Milky Way Mid-Infrared Spitzer Spectroscopic Extinction Curves: Continuum and Silicate Features

TL;DR

This study measures and analyzes mid-infrared extinction curves in the Milky Way, revealing differences in dust grain features and providing new observational insights into silicate and UV extinction properties.

Contribution

It presents the first direct observational confirmation that the 10 micron silicate feature and the 2175 Å bump originate from different grain populations.

Findings

Average diffuse extinction curve is lower than previous measurements.

10 micron silicate feature does not correlate with the 2175 Å bump.

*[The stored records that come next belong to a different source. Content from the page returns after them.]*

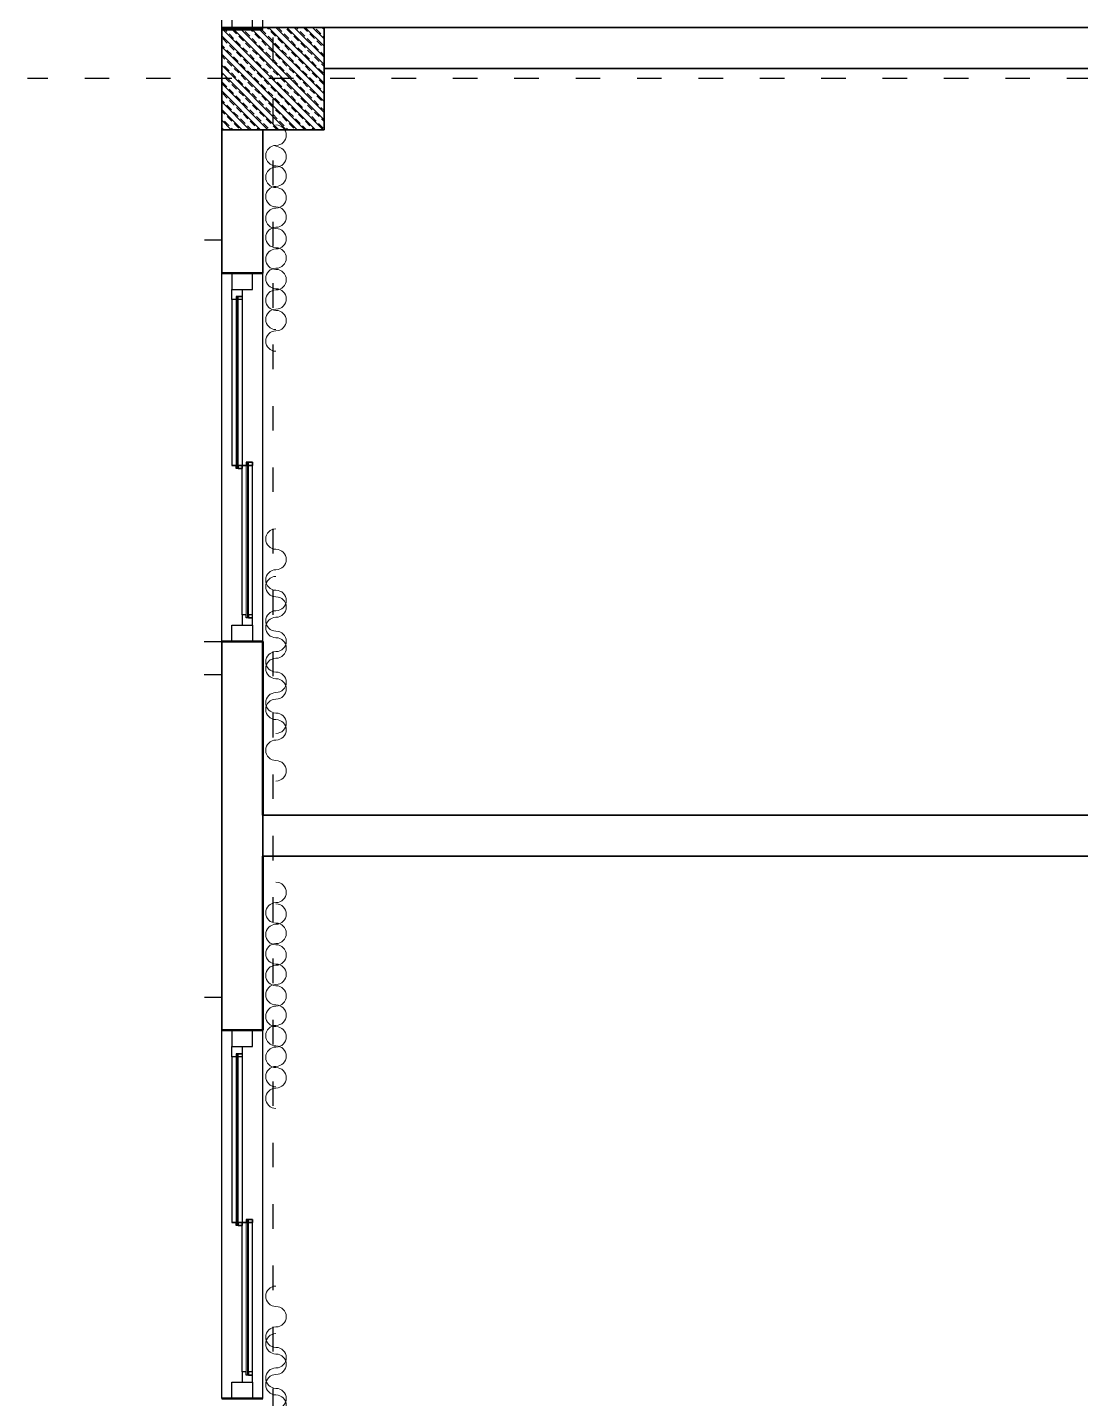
# Model space of a CAD drawing. Header units: millimetres. Extents: x 626118 to 667468, y 4481694 to 4492717.
# Drawn here: x 653691 to 654205, y 4484200 to 4484870 of the extents above; entities that cross this region are included whole.
import ezdxf

# ---------------------------------------------------------------- set-up
doc = ezdxf.new("R2010")
doc.units = ezdxf.units.MM
doc.linetypes.add('ACAD_ISO03W100', pattern=[30, 12, -18])
doc.linetypes.add('DUZ', pattern=[500, 500])
doc.layers.get('0').update_dxf_attribs({"color": 1, "linetype": 'DUZ'})
for name, color, linetype in [('AGAC', 116, 'Continuous'), ('KOLTAR_F', 145, 'Continuous'), ('PEN', 161, 'Continuous'), ('söve', 26, 'DUZ')]:
    doc.layers.add(name, color=color, linetype=linetype)
for name, color, linetype, lineweight in [('cam', 143, 'Continuous', 20), ('DUV', 220, 'Continuous', 50), ('DUVAR', 7, 'Continuous', 35), ('FE_PERDE', 205, 'Continuous', 15), ('gor25', 142, 'Continuous', 25), ('iç duvar', 7, 'Continuous', 50), ('KOLON_F', 3, 'Continuous', 35)]:
    doc.layers.add(name, color=color, linetype=linetype, lineweight=lineweight)
pattern_1 = [(135, (5158938.051, 3824236.311), (-4.4901280605, -4.4901280605), []), (135, (5158938.051, 3824240.8014), (-4.4901280605, -4.4901280605), [3.175, -1.5875])]

# ---------------------------------------------------------------- blocks, each defined once
blk = doc.blocks.new('GEN_BLOCK00601')
at = {"linetype": 'Continuous', "ltscale": 50}
for centre, start, end in [((50, 50), 0, 180), ((250, 50), 0, 180), ((450, 50), 0, 180), ((650, 50), 0, 180), ((850, 50), 0, 180), ((150, 50), 180, 0), ((350, 50), 180, 0), ((550, 50), 180, 0), ((750, 50), 180, 0), ((950, 50), 180, 0)]:
    blk.add_arc(centre, 50, start, end, dxfattribs=at)
for tag in ['Sfb', 'FLOOR']:
    blk.add_attdef(tag, (0, 0), '', height=1)

msp = doc.modelspace()

# ---------------------------------------------------------------- hatches: boundary and pattern name
at = {"layer": 'KOLTAR_F'}
h = msp.add_hatch(dxfattribs=at)
h.set_pattern_fill('ANSI33', color=256, angle=90, style=0)
h.set_pattern_definition([(135, (5158198.051, 3824236.311), (-4.4901280605, -4.4901280605), []), (135, (5158198.051, 3824240.8014), (-4.4901280605, -4.4901280605), [3.175, -1.5875])])
h.paths.add_polyline_path([(653785.58, 4484819.79), (653785.58, 4484869.79), (653835.58, 4484869.79), (653835.58, 4484819.79)])
h = msp.add_hatch(dxfattribs=at)
h.set_pattern_fill('ANSI33', color=256, angle=90, style=0)
h.set_pattern_definition(pattern_1)
h.paths.add_polyline_path([(653785.58, 4484819.79), (653785.58, 4484869.79), (653835.58, 4484869.79), (653835.58, 4484819.79)])
h = msp.add_hatch(dxfattribs=at)
h.set_pattern_fill('ANSI33', color=256, angle=90, style=0)
h.set_pattern_definition(pattern_1)
h.paths.add_polyline_path([(653785.58, 4484819.79), (653785.58, 4484869.79), (653835.58, 4484869.79), (653835.58, 4484819.79)])

# ---------------------------------------------------------------- linework, layer by layer
at = {"color": 232, "linetype": 'ACAD_ISO03W100'}
for p, q in [((653810.58, 4486004.79), (653810.58, 4482874.79)), ((657630.58, 4484844.79), (653690.58, 4484844.79))]:
    msp.add_line(p, q, dxfattribs=at)
at = {"layer": 'AGAC'}
for p, q in [((653785.58, 4484869.79), (653785.58, 4485048.8)), ((653805.58, 4484868.8), (653805.58, 4485048.8)), ((653785.58, 4484569.79), (653785.58, 4484749.79)), ((653785.58, 4484569.79), (653785.58, 4484749.79)), ((653785.58, 4484569.79), (653785.58, 4484749.79)), ((653805.58, 4484569.79), (653805.58, 4484749.79)), ((653805.58, 4484569.79), (653805.58, 4484749.79)), ((653805.58, 4484569.79), (653805.58, 4484749.79)), ((653785.58, 4484199.79), (653785.58, 4484379.79)), ((653785.58, 4484199.79), (653785.58, 4484379.79)), ((653785.58, 4484199.79), (653785.58, 4484379.79)), ((653805.58, 4484199.79), (653805.58, 4484379.79)), ((653805.58, 4484199.79), (653805.58, 4484379.79)), ((653805.58, 4484199.79), (653805.58, 4484379.79))]:
    msp.add_line(p, q, dxfattribs=at)
at = {"layer": 'cam'}
for p, q in [((653792.58, 4484738.29), (653792.58, 4484654.29)), ((653792.58, 4484738.29), (653792.58, 4484654.29)), ((653792.58, 4484738.29), (653792.58, 4484654.29)), ((653793.08, 4484738.29), (653793.08, 4484654.29)), ((653793.08, 4484738.29), (653793.08, 4484654.29)), ((653793.08, 4484738.29), (653793.08, 4484654.29)), ((653793.58, 4484738.29), (653793.58, 4484654.29)), ((653793.58, 4484738.29), (653793.58, 4484654.29)), ((653793.58, 4484738.29), (653793.58, 4484654.29)), ((653797.58, 4484581.29), (653797.58, 4484657.29)), ((653797.58, 4484581.29), (653797.58, 4484657.29)), ((653797.58, 4484581.29), (653797.58, 4484657.29)), ((653798.08, 4484581.29), (653798.08, 4484657.29)), ((653798.08, 4484581.29), (653798.08, 4484657.29)), ((653798.08, 4484581.29), (653798.08, 4484657.29)), ((653798.58, 4484581.29), (653798.58, 4484657.29)), ((653798.58, 4484581.29), (653798.58, 4484657.29)), ((653798.58, 4484581.29), (653798.58, 4484657.29)), ((653792.58, 4484368.29), (653792.58, 4484284.29)), ((653792.58, 4484368.29), (653792.58, 4484284.29)), ((653792.58, 4484368.29), (653792.58, 4484284.29)), ((653793.08, 4484368.29), (653793.08, 4484284.29)), ((653793.08, 4484368.29), (653793.08, 4484284.29)), ((653793.08, 4484368.29), (653793.08, 4484284.29)), ((653793.58, 4484368.29), (653793.58, 4484284.29)), ((653793.58, 4484368.29), (653793.58, 4484284.29)), ((653793.58, 4484368.29), (653793.58, 4484284.29)), ((653797.58, 4484211.29), (653797.58, 4484287.29)), ((653797.58, 4484211.29), (653797.58, 4484287.29)), ((653797.58, 4484211.29), (653797.58, 4484287.29)), ((653798.08, 4484211.29), (653798.08, 4484287.29)), ((653798.08, 4484211.29), (653798.08, 4484287.29)), ((653798.08, 4484211.29), (653798.08, 4484287.29)), ((653798.58, 4484211.29), (653798.58, 4484287.29)), ((653798.58, 4484211.29), (653798.58, 4484287.29)), ((653798.58, 4484211.29), (653798.58, 4484287.29))]:
    msp.add_line(p, q, dxfattribs=at)
at = {"layer": 'DUV'}
for p, q in [((653785.58, 4484868.8), (653805.58, 4484868.8)), ((653805.58, 4484749.79), (653785.58, 4484749.79)), ((653805.58, 4484749.79), (653785.58, 4484749.79)), ((653805.58, 4484749.79), (653785.58, 4484749.79)), ((653805.58, 4484749.79), (653785.58, 4484749.79)), ((653805.58, 4484749.79), (653785.58, 4484749.79)), ((653805.58, 4484569.79), (653785.58, 4484569.79)), ((653805.58, 4484569.79), (653785.58, 4484569.79)), ((653805.58, 4484569.79), (653785.58, 4484569.79)), ((653805.58, 4484569.79), (653785.58, 4484569.79)), ((653805.58, 4484569.79), (653785.58, 4484569.79)), ((653805.58, 4484569.79), (653805.58, 4484484.79)), ((653805.58, 4484379.79), (653805.58, 4484464.79)), ((653805.58, 4484379.79), (653785.58, 4484379.79)), ((653805.58, 4484379.79), (653785.58, 4484379.79)), ((653805.58, 4484379.79), (653785.58, 4484379.79)), ((653805.58, 4484379.79), (653785.58, 4484379.79)), ((653805.58, 4484379.79), (653785.58, 4484379.79)), ((653805.58, 4484379.79), (653785.58, 4484379.79)), ((653805.58, 4484379.79), (653785.58, 4484379.79)), ((653805.58, 4484199.79), (653785.58, 4484199.79)), ((653805.58, 4484199.79), (653785.58, 4484199.79)), ((653805.58, 4484199.79), (653785.58, 4484199.79)), ((653805.58, 4484199.79), (653785.58, 4484199.79)), ((653805.58, 4484199.79), (653785.58, 4484199.79)), ((653805.58, 4484199.79), (653785.58, 4484199.79)), ((653805.58, 4484199.79), (653785.58, 4484199.79))]:
    msp.add_line(p, q, dxfattribs=at)
at = {"layer": 'DUVAR'}
for p, q in [((653785.58, 4484868.8), (653805.58, 4484868.8)), ((653835.58, 4484869.79), (654305.58, 4484869.79)), ((653835.58, 4484869.79), (654305.58, 4484869.79)), ((653835.58, 4484869.79), (654305.58, 4484869.79)), ((653835.58, 4484849.79), (654305.58, 4484849.79)), ((653835.58, 4484849.79), (654305.58, 4484849.79)), ((653835.58, 4484849.79), (654305.58, 4484849.79)), ((653785.58, 4484749.79), (653785.58, 4484819.79)), ((653805.58, 4484749.79), (653805.58, 4484819.79)), ((653805.58, 4484749.79), (653785.58, 4484749.79)), ((653805.58, 4484749.79), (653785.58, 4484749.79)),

Standard R(V) estimation method has a scatter of about 7%, improved to 3% using IRAC 5.6 micron band.

Abstract

We measured the mid-infrared (MIR) extinction using Spitzer photometry and spectroscopy (3.6--37 micron) for a sample of Milky Way sightlines (mostly) having measured ultraviolet extinction curves. We used the pair method to determine the MIR extinction that we then fit with a power law for the continuum and modified Drude profiles for the silicate features. We derived 16 extinction curves having a range of A(V) (1.8-5.5) and R(V) values (2.4-4.3). Our sample includes two dense sightlines that have 3 micron ice feature detections and weak 2175 A bumps. The average A(lambda)/A(V) diffuse sightline extinction curve we calculate is lower than most previous literature measurements. This agrees better with literature diffuse dust grain models, though it is somewhat higher. The 10 micron silicate feature does not correlate with the 2175 A bump, for the first time providing direct observational confirmation that these two features arise from different grain populations. The strength of the 10 micron silicate feature varies by $\sim$2.5 and is not correlated with A(V) or R(V). It is well fit by a modified Drude profile with strong correlations seen between the central wavelength, width, and asymmetry. We do not detect other features with limits in A(lambda)/A(V) units of 0.0026 (5--10 micron), 0.004 (10--20 micron), and 0.008 (20-40 micron). We find that the standard prescription of estimating R(V) from C times E(K_s-V)/E(B-V) has C = -1.14 and a scatter of $\sim$7%. Using the IRAC 5.6 micron band instead of K_s gives C = -1.03 and the least scatter of $\sim$3\%.